**Task details**
Determine how many lines of the entries include the word "exactly", and report that number with no further text.

◇ ◇ ◇ ◇

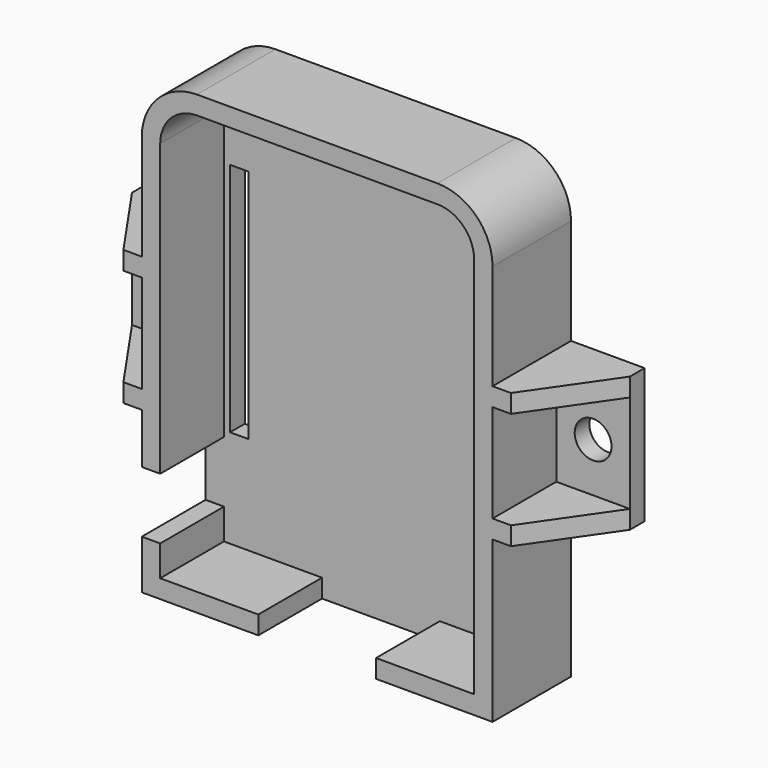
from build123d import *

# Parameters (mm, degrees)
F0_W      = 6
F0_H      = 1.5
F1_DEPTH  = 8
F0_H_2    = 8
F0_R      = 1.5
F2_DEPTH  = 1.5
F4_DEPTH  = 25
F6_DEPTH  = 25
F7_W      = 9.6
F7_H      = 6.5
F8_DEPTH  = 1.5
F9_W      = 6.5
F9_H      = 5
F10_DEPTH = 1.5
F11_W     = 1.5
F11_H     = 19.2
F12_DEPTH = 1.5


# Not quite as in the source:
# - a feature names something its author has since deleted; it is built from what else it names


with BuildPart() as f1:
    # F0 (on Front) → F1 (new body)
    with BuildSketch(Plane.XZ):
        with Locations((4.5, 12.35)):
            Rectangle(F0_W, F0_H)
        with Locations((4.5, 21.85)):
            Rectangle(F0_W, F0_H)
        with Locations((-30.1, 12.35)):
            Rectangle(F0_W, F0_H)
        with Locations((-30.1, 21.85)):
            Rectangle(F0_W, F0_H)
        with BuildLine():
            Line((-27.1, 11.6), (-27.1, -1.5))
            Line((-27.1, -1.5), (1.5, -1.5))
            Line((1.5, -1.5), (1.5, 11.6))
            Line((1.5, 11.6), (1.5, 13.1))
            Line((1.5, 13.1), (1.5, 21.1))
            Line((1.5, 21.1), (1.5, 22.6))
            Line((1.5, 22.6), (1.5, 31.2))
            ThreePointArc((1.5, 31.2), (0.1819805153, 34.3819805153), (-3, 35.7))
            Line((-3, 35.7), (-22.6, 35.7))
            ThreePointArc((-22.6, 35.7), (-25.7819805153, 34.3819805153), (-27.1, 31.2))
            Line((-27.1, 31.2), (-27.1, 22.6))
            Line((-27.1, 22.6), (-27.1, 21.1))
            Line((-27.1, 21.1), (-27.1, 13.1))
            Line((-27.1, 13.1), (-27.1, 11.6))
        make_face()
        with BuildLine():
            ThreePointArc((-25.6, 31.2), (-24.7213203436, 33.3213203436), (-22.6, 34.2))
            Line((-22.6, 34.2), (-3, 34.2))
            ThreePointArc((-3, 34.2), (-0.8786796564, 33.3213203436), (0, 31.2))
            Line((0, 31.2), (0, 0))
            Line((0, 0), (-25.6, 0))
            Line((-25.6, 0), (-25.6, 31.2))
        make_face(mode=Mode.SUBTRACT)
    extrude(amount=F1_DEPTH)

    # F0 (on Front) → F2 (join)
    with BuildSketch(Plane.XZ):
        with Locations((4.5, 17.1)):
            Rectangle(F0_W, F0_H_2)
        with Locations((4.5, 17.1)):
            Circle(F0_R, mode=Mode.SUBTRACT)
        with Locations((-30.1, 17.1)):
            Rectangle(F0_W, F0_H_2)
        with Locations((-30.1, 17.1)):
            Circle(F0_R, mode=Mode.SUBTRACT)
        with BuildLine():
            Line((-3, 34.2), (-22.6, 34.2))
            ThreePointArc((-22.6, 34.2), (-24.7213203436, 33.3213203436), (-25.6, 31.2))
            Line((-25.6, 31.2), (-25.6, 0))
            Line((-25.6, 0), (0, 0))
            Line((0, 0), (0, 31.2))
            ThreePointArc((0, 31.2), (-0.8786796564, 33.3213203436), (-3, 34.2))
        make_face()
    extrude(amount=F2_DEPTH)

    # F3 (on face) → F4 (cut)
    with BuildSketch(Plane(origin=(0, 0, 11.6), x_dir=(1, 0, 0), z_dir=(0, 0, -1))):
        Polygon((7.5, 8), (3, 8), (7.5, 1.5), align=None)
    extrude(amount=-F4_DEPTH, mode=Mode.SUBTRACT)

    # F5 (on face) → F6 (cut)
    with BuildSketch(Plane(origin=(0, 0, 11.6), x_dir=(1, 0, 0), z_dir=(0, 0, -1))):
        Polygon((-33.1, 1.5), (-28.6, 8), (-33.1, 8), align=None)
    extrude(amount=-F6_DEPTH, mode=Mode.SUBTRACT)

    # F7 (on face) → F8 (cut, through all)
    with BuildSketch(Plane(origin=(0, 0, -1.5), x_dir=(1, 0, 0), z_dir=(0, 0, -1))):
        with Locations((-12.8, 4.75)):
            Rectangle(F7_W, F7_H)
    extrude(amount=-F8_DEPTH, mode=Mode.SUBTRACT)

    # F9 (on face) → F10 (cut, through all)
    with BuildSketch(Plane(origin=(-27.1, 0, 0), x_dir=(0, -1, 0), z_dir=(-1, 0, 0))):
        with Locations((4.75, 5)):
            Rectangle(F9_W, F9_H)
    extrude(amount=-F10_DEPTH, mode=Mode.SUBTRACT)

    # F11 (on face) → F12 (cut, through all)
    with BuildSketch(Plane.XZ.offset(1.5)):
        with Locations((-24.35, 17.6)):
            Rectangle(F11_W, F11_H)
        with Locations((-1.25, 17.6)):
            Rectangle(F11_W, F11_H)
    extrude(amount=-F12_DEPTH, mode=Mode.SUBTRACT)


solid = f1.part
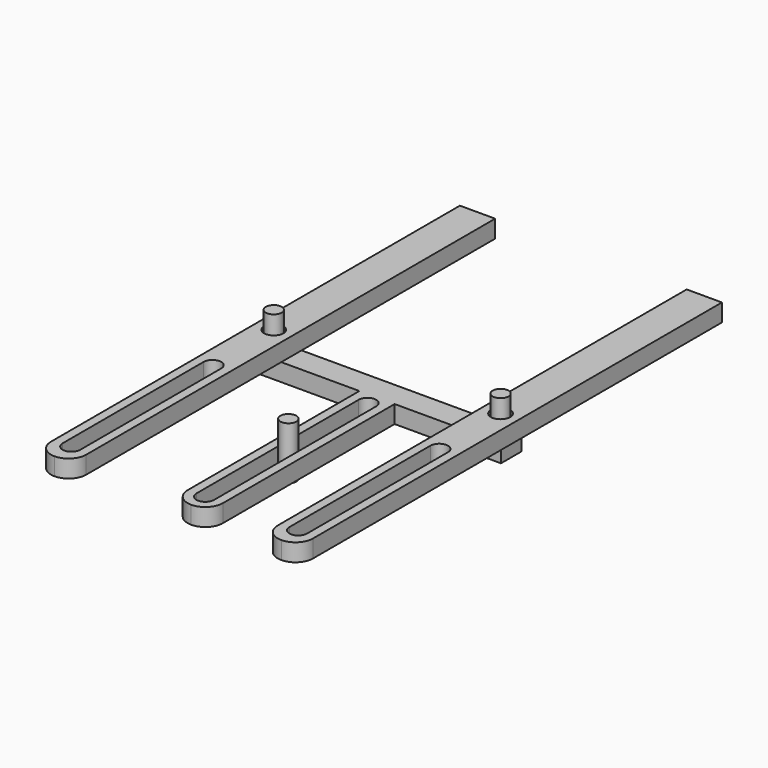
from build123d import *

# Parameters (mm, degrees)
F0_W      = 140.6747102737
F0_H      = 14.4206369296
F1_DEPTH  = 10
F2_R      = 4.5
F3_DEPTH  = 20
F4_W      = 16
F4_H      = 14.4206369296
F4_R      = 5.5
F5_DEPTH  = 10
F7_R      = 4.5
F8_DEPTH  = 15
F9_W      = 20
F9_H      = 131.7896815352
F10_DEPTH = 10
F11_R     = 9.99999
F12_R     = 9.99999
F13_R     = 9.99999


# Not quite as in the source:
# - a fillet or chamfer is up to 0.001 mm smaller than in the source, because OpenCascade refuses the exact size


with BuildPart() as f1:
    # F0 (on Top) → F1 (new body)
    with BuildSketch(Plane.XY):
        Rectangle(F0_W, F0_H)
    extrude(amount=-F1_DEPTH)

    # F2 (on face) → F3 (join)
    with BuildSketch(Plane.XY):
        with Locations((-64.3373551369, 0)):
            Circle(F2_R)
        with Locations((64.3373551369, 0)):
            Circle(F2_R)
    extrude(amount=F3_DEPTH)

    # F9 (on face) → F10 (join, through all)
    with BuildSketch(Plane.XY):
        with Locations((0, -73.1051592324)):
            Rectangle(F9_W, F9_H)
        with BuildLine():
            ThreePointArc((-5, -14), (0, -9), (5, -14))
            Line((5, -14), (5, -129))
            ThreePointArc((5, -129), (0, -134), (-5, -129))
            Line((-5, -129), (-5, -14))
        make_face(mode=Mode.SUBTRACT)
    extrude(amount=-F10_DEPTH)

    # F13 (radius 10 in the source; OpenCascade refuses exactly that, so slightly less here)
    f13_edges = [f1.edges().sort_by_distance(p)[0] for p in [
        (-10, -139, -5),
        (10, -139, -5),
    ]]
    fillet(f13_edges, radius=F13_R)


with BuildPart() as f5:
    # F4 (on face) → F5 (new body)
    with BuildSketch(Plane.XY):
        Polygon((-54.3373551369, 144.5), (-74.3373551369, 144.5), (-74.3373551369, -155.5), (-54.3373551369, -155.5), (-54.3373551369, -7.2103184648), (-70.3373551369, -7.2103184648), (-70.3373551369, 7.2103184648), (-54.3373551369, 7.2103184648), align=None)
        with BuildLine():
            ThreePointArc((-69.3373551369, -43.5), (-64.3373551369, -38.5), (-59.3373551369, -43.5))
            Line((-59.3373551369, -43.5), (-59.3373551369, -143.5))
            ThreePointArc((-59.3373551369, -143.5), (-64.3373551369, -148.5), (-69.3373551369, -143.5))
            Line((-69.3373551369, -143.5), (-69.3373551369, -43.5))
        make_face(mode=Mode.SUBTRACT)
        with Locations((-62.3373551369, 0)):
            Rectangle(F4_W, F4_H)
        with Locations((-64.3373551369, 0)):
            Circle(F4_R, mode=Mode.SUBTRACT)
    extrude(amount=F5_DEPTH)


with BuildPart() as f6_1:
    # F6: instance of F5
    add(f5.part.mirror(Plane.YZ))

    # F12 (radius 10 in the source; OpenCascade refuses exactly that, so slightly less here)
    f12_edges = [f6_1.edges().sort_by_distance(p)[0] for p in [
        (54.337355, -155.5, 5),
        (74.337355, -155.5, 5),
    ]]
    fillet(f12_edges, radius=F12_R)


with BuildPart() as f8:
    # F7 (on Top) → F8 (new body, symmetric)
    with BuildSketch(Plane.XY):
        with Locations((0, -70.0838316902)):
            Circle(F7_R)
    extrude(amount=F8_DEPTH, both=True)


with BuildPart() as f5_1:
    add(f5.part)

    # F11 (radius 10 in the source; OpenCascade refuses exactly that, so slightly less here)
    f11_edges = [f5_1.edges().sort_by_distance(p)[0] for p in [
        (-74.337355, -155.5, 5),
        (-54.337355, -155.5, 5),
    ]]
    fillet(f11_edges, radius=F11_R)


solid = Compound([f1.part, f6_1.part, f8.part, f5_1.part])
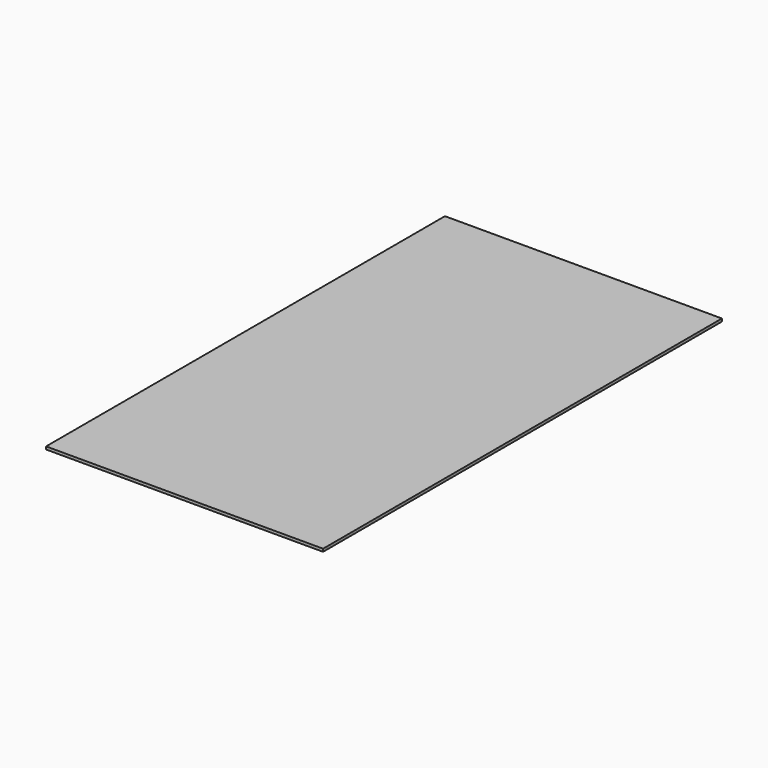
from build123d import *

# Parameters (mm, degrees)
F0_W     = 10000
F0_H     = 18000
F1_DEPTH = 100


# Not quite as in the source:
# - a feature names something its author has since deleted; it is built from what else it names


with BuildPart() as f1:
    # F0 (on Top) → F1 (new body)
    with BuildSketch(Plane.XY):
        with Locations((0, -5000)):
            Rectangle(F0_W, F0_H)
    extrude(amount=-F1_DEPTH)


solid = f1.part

◇ ◇ ◇ ◇

**Result of this task**
3